▶ **The task**
Wherever a line in the data below holds "radius", copy that line.
** Records provided follows **
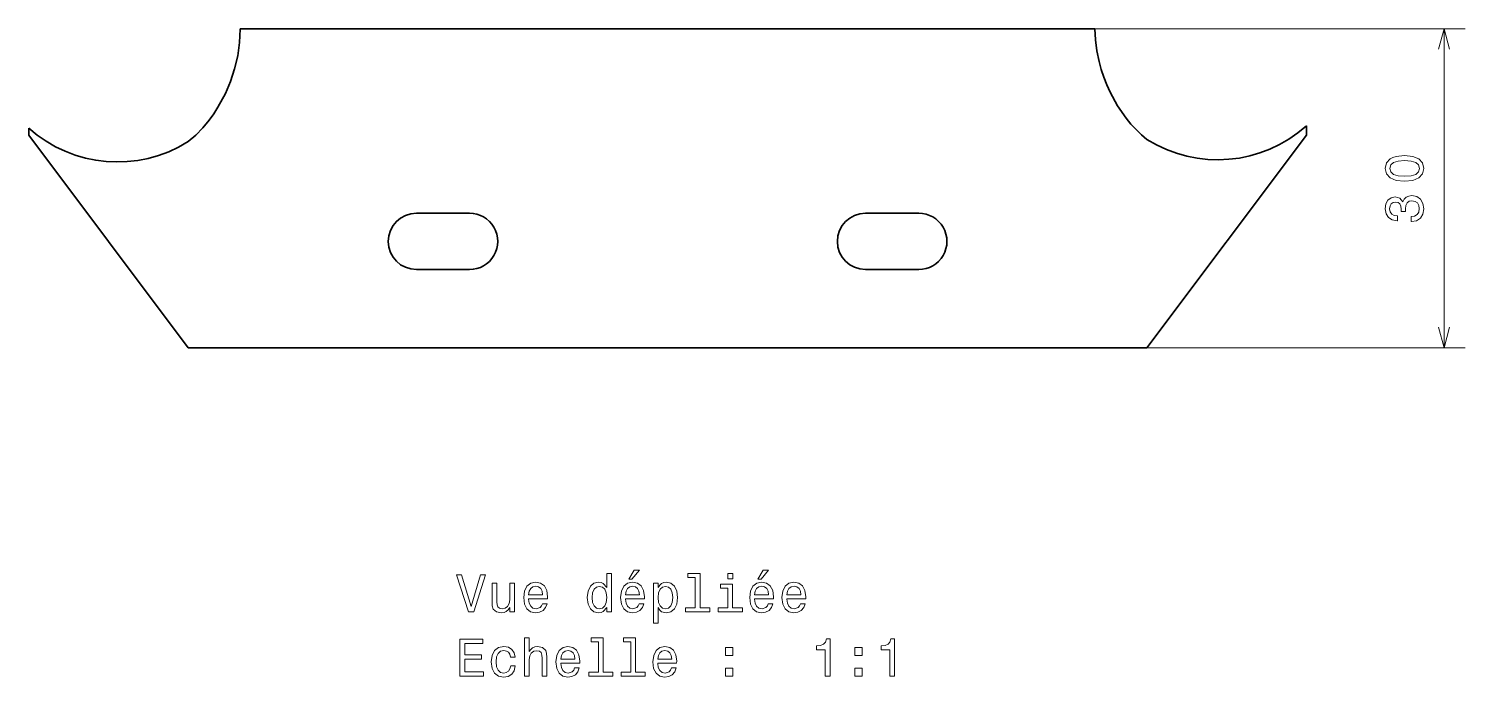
# Model space of a CAD drawing. Extents: x 78 to 213, y 94 to 155.
import ezdxf

# ---------------------------------------------------------------- set-up
doc = ezdxf.new("R2010")
doc.units = 0

msp = doc.modelspace()

# ---------------------------------------------------------------- linework, layer by layer
at = {"color": 7, "lineweight": 35, "ltscale": 0.254947}
msp.add_line((107.652328, 154.924332), (97.454437, 154.924332), dxfattribs=at)
at = {"color": 7, "lineweight": 35, "ltscale": 0.000747}
msp.add_line((97.454468, 154.89447), (97.454437, 154.924332), dxfattribs=at)
at = {"color": 7, "lineweight": 35}
for p, q in [((167.652328, 154.924332), (107.652328, 154.924332)), ((77.569443, 144.924332), (92.569443, 124.924332)), ((182.735214, 124.924332), (197.735214, 144.924332)), ((167.652328, 124.924332), (107.652328, 124.924332))]:
    msp.add_line(p, q, dxfattribs=at)
at = {"color": 7, "lineweight": 35, "ltscale": 0.254972}
msp.add_line((167.652328, 154.924332), (177.851227, 154.924332), dxfattribs=at)
at = {"color": 7, "lineweight": 13}
for p, q in [((169.652328, 154.924332), (212.678467, 154.924332)), ((210.678467, 124.924332), (210.678467, 154.924332)), ((169.652328, 124.924332), (212.678467, 124.924332))]:
    msp.add_line(p, q, dxfattribs=at)
at = {"color": 7, "lineweight": 35, "ltscale": 0.016497}
msp.add_line((77.569443, 145.584229), (77.569443, 144.924332), dxfattribs=at)
at = {"color": 7, "lineweight": 35, "ltscale": 0.021628}
msp.add_line((197.735214, 144.924332), (197.735214, 145.789444), dxfattribs=at)
at = {"color": 7, "lineweight": 35, "ltscale": 0.125}
for p, q in [((119.027817, 137.574326), (114.027817, 137.574326)), ((161.27684, 137.574326), (156.27684, 137.574326)), ((119.027817, 132.274338), (114.027817, 132.274338)), ((161.27684, 132.274338), (156.27684, 132.274338))]:
    msp.add_line(p, q, dxfattribs=at)
at = {"color": 7, "lineweight": 35, "ltscale": 0.377072}
for p, q in [((107.652328, 124.924332), (92.569443, 124.924332)), ((182.735214, 124.924332), (167.652328, 124.924332))]:
    msp.add_line(p, q, dxfattribs=at)
at = {"color": 7, "lineweight": 35}
for points in [[(92.569443, 144.30957), (93.274933, 144.917801), (93.934738, 145.593918), (94.546478, 146.33046), (94.972366, 146.918182), (95.368988, 147.533112), (96.070557, 148.835068), (96.551376, 149.970657), (96.937675, 151.154861), (97.221603, 152.377975), (97.395721, 153.628845), (97.454468, 154.89447)], [(177.851227, 154.924332), (177.903748, 153.883987), (178.034485, 152.85321), (178.24057, 151.839371), (178.440643, 151.099487), (178.678513, 150.375061), (178.956604, 149.658096), (179.269928, 148.961487), (179.967941, 147.68309), (180.783112, 146.50209), (181.23468, 145.951431), (181.713043, 145.433212), (182.211975, 144.955139), (182.735214, 144.514771)]]:
    msp.add_lwpolyline(points, dxfattribs=at)
at = {"color": 7, "lineweight": 13}
for points in [[(211.196106, 152.992477), (210.678467, 154.924332), (210.160828, 152.992477)], [(210.160828, 126.856186), (210.678467, 124.924332), (211.196106, 126.856186)]]:
    msp.add_lwpolyline(points, dxfattribs=at)
for points in [[(206.968811, 140.57692), (207.760605, 140.652573), (208.325439, 140.889603), (208.668396, 141.267853), (208.779343, 141.792343), (208.668396, 142.311798), (208.325439, 142.690033), (207.760605, 142.922028), (206.968811, 143.002716), (206.182068, 142.922028), (205.8694, 142.826202), (205.612183, 142.690033), (205.269257, 142.311798), (205.153259, 141.792343), (205.269257, 141.267853), (205.617233, 140.889603), (206.182068, 140.652573)], [(206.968811, 141.061081), (206.358582, 141.101425), (205.91983, 141.227509), (205.662628, 141.454453), (205.571838, 141.792343), (205.662628, 142.125198), (205.91983, 142.352142), (206.358582, 142.478226), (206.968811, 142.51857), (207.584091, 142.478226), (208.022858, 142.352142), (208.28006, 142.125198), (208.365784, 141.792343), (208.28006, 141.454453), (208.022858, 141.227509), (207.584091, 141.101425)], [(207.579041, 136.785431), (207.614349, 136.785431), (208.098511, 136.866119), (208.461609, 137.103149), (208.693604, 137.476349), (208.779343, 137.970581), (208.693604, 138.495087), (208.47171, 138.888458), (208.118683, 139.14061), (207.664795, 139.2314), (207.367233, 139.19104), (207.125153, 139.080093), (206.938568, 138.898544), (206.802399, 138.656464), (206.53006, 138.984268), (206.096344, 139.100266), (205.702972, 139.024628), (205.405426, 138.807755), (205.218811, 138.454742), (205.153259, 137.970581), (205.233948, 137.516693), (205.455841, 137.168716), (205.808868, 136.941772), (206.277893, 136.866119), (206.313202, 136.866119), (206.313202, 137.314972), (205.990433, 137.355316), (205.758453, 137.486435), (205.617233, 137.698257), (205.566803, 137.995804), (205.607147, 138.258057), (205.713058, 138.449692), (205.884521, 138.565689), (206.116516, 138.611069), (206.363632, 138.565689), (206.53006, 138.444641), (206.63092, 138.232834), (206.661194, 137.945374), (206.656143, 137.748688), (207.054565, 137.748688), (207.044464, 137.995804), (207.089859, 138.313522), (207.210892, 138.550552), (207.407578, 138.691772), (207.664795, 138.742203), (207.957291, 138.686722), (208.174149, 138.540466), (208.310318, 138.308487), (208.355713, 138.000839), (208.305267, 137.683121), (208.153976, 137.451126), (207.911896, 137.304886), (207.579041, 137.249405)], [(120.047859, 103.572746), (119.170341, 100.592201), (118.267601, 103.572746), (117.788498, 103.572746), (118.918182, 100.067703), (119.422501, 100.067703), (120.52697, 103.572746)], [(123.250313, 102.775917), (122.806503, 102.775917), (122.806503, 101.212517), (122.756073, 100.849403), (122.609818, 100.587158), (122.382874, 100.425774), (122.085327, 100.375343), (121.848297, 100.415688), (121.696999, 100.53672), (121.611259, 100.743492), (121.591087, 101.036003), (121.591087, 102.775917), (121.147285, 102.775917), (121.147285, 100.995659), (121.162415, 100.637589), (121.25824, 100.340034), (121.550743, 100.067703), (122.01976, 99.971886), (122.271927, 100.007187), (122.488785, 100.097961), (122.675385, 100.254303), (122.826683, 100.481247), (122.826683, 100.067703), (123.250313, 100.067703)], [(124.586769, 101.293205), (126.361984, 101.293205), (126.367027, 101.499977), (126.286331, 102.079948), (126.06443, 102.513672), (125.711411, 102.775917), (125.242386, 102.871735), (124.783455, 102.770874), (124.430428, 102.488449), (124.203484, 102.029518), (124.122787, 101.424332), (124.198441, 100.804016), (124.425385, 100.350121), (124.773369, 100.067703), (125.227257, 99.971886), (125.620628, 100.037445), (125.943398, 100.208916), (126.180428, 100.481247), (126.316597, 100.84436), (125.877831, 100.84436), (125.787056, 100.642632), (125.65593, 100.491333), (125.28273, 100.3703), (124.99527, 100.425774), (124.778412, 100.602287), (124.637199, 100.889748), (124.586769, 101.278076)], [(131.934753, 100.48629), (131.934753, 100.067703), (132.378555, 100.067703), (132.378555, 103.688744), (131.939789, 103.688744), (131.939789, 102.362373), (131.601898, 102.745659), (131.395126, 102.836433), (131.158096, 102.871735), (130.729416, 102.770874), (130.396561, 102.488449), (130.179703, 102.034561), (130.104065, 101.424332), (130.179703, 100.814102), (130.396561, 100.355164), (130.729416, 100.067703), (131.158096, 99.971886), (131.395126, 100.007187), (131.606934, 100.097961)], [(133.694839, 101.293205), (135.470047, 101.293205), (135.475098, 101.499977), (135.394409, 102.079948), (135.172501, 102.513672), (134.819473, 102.775917), (134.350464, 102.871735), (133.891525, 102.770874), (133.538498, 102.488449), (133.311554, 102.029518), (133.230865, 101.424332), (133.306503, 100.804016), (133.533447, 100.350121), (133.881439, 100.067703), (134.335327, 99.971886), (134.728699, 100.037445), (135.051468, 100.208916), (135.288498, 100.481247), (135.424667, 100.84436), (134.985901, 100.84436), (134.895126, 100.642632), (134.764008, 100.491333), (134.390808, 100.3703), (134.103333, 100.425774), (133.886475, 100.602287), (133.74527, 100.889748), (133.694839, 101.278076)], [(134.002472, 103.144073), (134.300018, 103.144073), (135.001038, 104.001419), (134.50679, 104.001419)], [(136.761124, 102.35733), (136.761124, 102.775917), (136.317322, 102.775917), (136.317322, 99.018715), (136.761124, 99.018715), (136.761124, 100.481247), (136.917465, 100.244217), (137.093964, 100.087875), (137.537781, 99.971886), (137.961411, 100.067703), (138.294266, 100.355164), (138.511124, 100.809059), (138.591812, 101.424332), (138.511124, 102.034561), (138.294266, 102.488449), (137.961411, 102.770874), (137.537781, 102.871735), (137.2957, 102.841476), (137.088928, 102.745659), (136.912415, 102.584274)], [(140.261124, 103.315544), (140.261124, 100.440903), (139.348297, 100.440903), (139.348297, 100.067703), (141.612701, 100.067703), (141.612701, 100.440903), (140.704926, 100.440903), (140.704926, 103.688744), (139.565155, 103.688744), (139.565155, 103.315544)], [(143.77121, 100.440903), (143.77121, 102.685135), (142.631439, 102.685135), (142.631439, 102.3069), (143.327408, 102.3069), (143.327408, 100.440903), (142.419617, 100.440903), (142.419617, 100.067703), (144.689072, 100.067703), (144.689072, 100.440903)], [(143.786331, 103.688744), (143.317322, 103.688744), (143.317322, 103.184418), (143.786331, 103.184418)], [(145.838928, 101.293205), (147.614136, 101.293205), (147.619186, 101.499977), (147.538498, 102.079948), (147.316589, 102.513672), (146.963562, 102.775917), (146.494553, 102.871735), (146.035614, 102.770874), (145.682587, 102.488449), (145.455643, 102.029518), (145.374954, 101.424332), (145.450592, 100.804016), (145.677551, 100.350121), (146.025528, 100.067703), (146.479416, 99.971886), (146.872787, 100.037445), (147.195557, 100.208916), (147.432587, 100.481247), (147.568756, 100.84436), (147.12999, 100.84436), (147.039215, 100.642632), (146.908096, 100.491333), (146.534897, 100.3703), (146.247437, 100.425774), (146.030579, 100.602287), (145.889359, 100.889748), (145.838928, 101.278076)], [(146.146561, 103.144073), (146.444122, 103.144073), (147.145126, 104.001419), (146.650879, 104.001419)], [(148.874954, 101.293205), (150.650162, 101.293205), (150.655212, 101.499977), (150.574524, 102.079948), (150.352615, 102.513672), (149.999588, 102.775917), (149.530563, 102.871735), (149.07164, 102.770874), (148.718613, 102.488449), (148.491669, 102.029518), (148.41098, 101.424332), (148.486618, 100.804016), (148.713562, 100.350121), (149.061554, 100.067703), (149.515442, 99.971886), (149.908813, 100.037445), (150.231583, 100.208916), (150.468613, 100.481247), (150.604782, 100.84436), (150.166016, 100.84436), (150.075241, 100.642632), (149.944122, 100.491333), (149.570923, 100.3703), (149.283447, 100.425774), (149.066589, 100.602287), (148.925385, 100.889748), (148.874954, 101.278076)], [(124.586769, 101.666405), (124.642242, 102.014389), (124.778412, 102.271591), (124.985184, 102.427933), (125.257515, 102.483406), (125.524811, 102.427933), (125.731583, 102.271591), (125.857658, 102.014389), (125.903046, 101.666405)], [(131.233734, 102.47332), (131.526245, 102.402718), (131.748154, 102.206032), (131.879272, 101.87822), (131.929703, 101.424332), (131.879272, 100.965401), (131.748154, 100.637589), (131.526245, 100.43586), (131.233734, 100.3703), (130.95636, 100.43586), (130.744553, 100.637589), (130.603333, 100.970444), (130.557953, 101.424332), (130.603333, 101.873177), (130.744553, 102.200989), (130.95636, 102.402718)], [(133.694839, 101.666405), (133.750305, 102.014389), (133.886475, 102.271591), (134.093246, 102.427933), (134.365585, 102.483406), (134.632874, 102.427933), (134.839645, 102.271591), (134.965729, 102.014389), (135.011124, 101.666405)], [(137.462128, 100.3703), (137.164581, 100.43586), (136.947723, 100.637589), (136.811554, 100.965401), (136.766159, 101.424332), (136.811554, 101.87822), (136.947723, 102.206032), (137.164581, 102.402718), (137.462128, 102.47332), (137.734467, 102.402718), (137.951324, 102.200989), (138.087494, 101.873177), (138.137924, 101.424332), (138.087494, 100.970444), (137.951324, 100.637589), (137.734467, 100.43586)], [(145.838928, 101.666405), (145.894409, 102.014389), (146.030579, 102.271591), (146.237335, 102.427933), (146.509674, 102.483406), (146.776962, 102.427933), (146.983734, 102.271591), (147.109818, 102.014389), (147.155212, 101.666405)], [(148.874954, 101.666405), (148.93042, 102.014389), (149.066589, 102.271591), (149.273361, 102.427933), (149.5457, 102.483406), (149.812988, 102.427933), (150.01976, 102.271591), (150.145844, 102.014389), (150.191223, 101.666405)], [(118.111259, 94.020874), (120.330284, 94.020874), (120.330284, 94.444504), (118.575241, 94.444504), (118.575241, 95.629662), (120.138641, 95.629662), (120.138641, 96.048248), (118.575241, 96.048248), (118.575241, 97.097244), (120.28994, 97.097244), (120.28994, 97.520874), (118.111259, 97.520874)], [(124.198441, 94.020874), (124.642242, 94.020874), (124.642242, 95.584274), (124.68763, 95.942345), (124.833885, 96.20459), (125.060829, 96.365974), (125.363426, 96.426491), (125.605499, 96.37606), (125.756798, 96.239891), (125.832443, 96.012947), (125.857658, 95.710358), (125.857658, 94.020874), (126.301468, 94.020874), (126.301468, 95.801132), (126.281288, 96.159203), (126.190514, 96.456757), (125.89296, 96.729088), (125.428986, 96.824905), (125.176826, 96.789604), (124.959969, 96.693787), (124.778412, 96.542488), (124.642242, 96.335716), (124.642242, 97.641914), (124.198441, 97.641914)], [(131.153046, 97.268715), (131.153046, 94.394073), (130.240219, 94.394073), (130.240219, 94.020874), (132.504639, 94.020874), (132.504639, 94.394073), (131.596848, 94.394073), (131.596848, 97.641914), (130.457077, 97.641914), (130.457077, 97.268715)], [(134.189072, 97.268715), (134.189072, 94.394073), (133.276245, 94.394073), (133.276245, 94.020874), (135.540649, 94.020874), (135.540649, 94.394073), (134.632874, 94.394073), (134.632874, 97.641914), (133.493103, 97.641914), (133.493103, 97.268715)], [(152.475815, 94.020874), (152.934753, 94.020874), (152.934753, 97.546089), (152.591812, 97.546089), (152.501038, 97.238457), (152.319473, 97.031677), (152.042099, 96.910645), (151.658813, 96.8703), (151.658813, 96.51223), (152.475815, 96.51223)], [(158.547852, 94.020874), (159.00679, 94.020874), (159.00679, 97.546089), (158.663849, 97.546089), (158.573074, 97.238457), (158.39151, 97.031677), (158.114136, 96.910645), (157.73085, 96.8703), (157.73085, 96.51223), (158.547852, 96.51223)], [(122.887199, 95.83139), (123.325958, 95.83139), (123.235184, 96.234848), (123.018326, 96.552574), (122.680428, 96.74926), (122.241669, 96.824905), (121.757515, 96.724045), (121.389359, 96.44162), (121.157372, 95.982689), (121.076683, 95.367416), (121.152328, 94.757187), (121.379272, 94.303291), (121.737343, 94.020874), (122.22654, 93.925056), (122.660255, 94.000702), (122.998154, 94.212517), (123.230141, 94.545372), (123.331001, 94.989174), (122.907372, 94.989174), (122.831726, 94.706757), (122.690514, 94.494934), (122.488785, 94.363815), (122.241669, 94.323471), (121.934029, 94.38903), (121.712128, 94.590759), (121.575958, 94.918571), (121.530571, 95.382545), (121.575958, 95.836433), (121.717171, 96.164246), (121.944115, 96.365974), (122.241669, 96.436577), (122.503914, 96.39119), (122.7006, 96.2752), (122.831726, 96.083557)], [(127.622787, 95.246376), (129.39801, 95.246376), (129.403046, 95.453148), (129.322357, 96.033119), (129.100449, 96.466843), (128.747437, 96.729088), (128.278412, 96.824905), (127.819473, 96.724045), (127.466446, 96.44162), (127.239502, 95.982689), (127.158813, 95.377502), (127.234459, 94.757187), (127.461411, 94.303291), (127.809387, 94.020874), (128.263275, 93.925056), (128.656647, 93.990616), (128.979416, 94.162086), (129.216446, 94.434418), (129.352615, 94.797531), (128.913849, 94.797531), (128.823074, 94.595802), (128.691956, 94.444504), (128.318756, 94.323471), (128.031296, 94.378944), (127.81443, 94.555458), (127.673225, 94.842918), (127.622787, 95.231247)], [(127.622787, 95.619576), (127.678268, 95.96756), (127.81443, 96.224762), (128.02121, 96.381104), (128.293533, 96.436577), (128.560837, 96.381104), (128.767609, 96.224762), (128.893677, 95.96756), (128.939072, 95.619576)], [(136.730865, 95.246376), (138.506073, 95.246376), (138.511124, 95.453148), (138.43042, 96.033119), (138.208527, 96.466843), (137.855499, 96.729088), (137.386475, 96.824905), (136.927551, 96.724045), (136.574524, 96.44162), (136.34758, 95.982689), (136.266876, 95.377502), (136.342529, 94.757187), (136.569473, 94.303291), (136.917465, 94.020874), (137.371353, 93.925056), (137.764725, 93.990616), (138.087494, 94.162086), (138.324524, 94.434418), (138.460693, 94.797531), (138.021927, 94.797531), (137.931152, 94.595802), (137.800018, 94.444504), (137.426819, 94.323471), (137.139359, 94.378944), (136.922501, 94.555458), (136.781296, 94.842918), (136.730865, 95.231247)], [(136.730865, 95.619576), (136.786331, 95.96756), (136.922501, 96.224762), (137.129272, 96.381104), (137.401611, 96.436577), (137.6689, 96.381104), (137.875671, 96.224762), (138.001755, 95.96756), (138.04715, 95.619576)], [(143.110535, 95.977646), (143.806503, 95.977646), (143.806503, 96.729088), (143.110535, 96.729088)], [(155.254639, 95.977646), (155.950592, 95.977646), (155.950592, 96.729088), (155.254639, 96.729088)], [(143.110535, 94.020874), (143.806503, 94.020874), (143.806503, 94.772316), (143.110535, 94.772316)], [(155.254639, 94.020874), (155.950592, 94.020874), (155.950592, 94.772316), (155.254639, 94.772316)]]:
    msp.add_lwpolyline(points, close=True, dxfattribs=at)
at = {"color": 7, "lineweight": 35}
for centre, radius, start, end in [((85.914482, 154.890778), 12.500056, 228.117913, 302.167231), ((189.390167, 155.095978), 12.500056, 237.832381, 311.881696), ((114.027817, 134.924332), 2.65, 90.000003, 269.999997), ((119.027817, 134.924332), 2.65, 269.999997, 90.000003), ((156.27684, 134.924332), 2.65, 90.000003, 269.999997), ((161.27684, 134.924332), 2.65, 269.999997, 90.000003)]:
    msp.add_arc(centre, radius, start, end, dxfattribs=at)

doc.saveas('drawing.dxf')
** End of Records provided **
▶ **Response for this exercise**
for centre, radius, start, end in [((85.914482, 154.890778), 12.500056, 228.117913, 302.167231), ((189.390167, 155.095978), 12.500056, 237.832381, 311.881696), ((114.027817, 134.924332), 2.65, 90.000003, 269.999997), ((119.027817, 134.924332), 2.65, 269.999997, 90.000003), ((156.27684, 134.924332), 2.65, 90.000003, 269.999997), ((161.27684, 134.924332), 2.65, 269.999997, 90.000003)]:
    msp.add_arc(centre, radius, start, end, dxfattribs=at)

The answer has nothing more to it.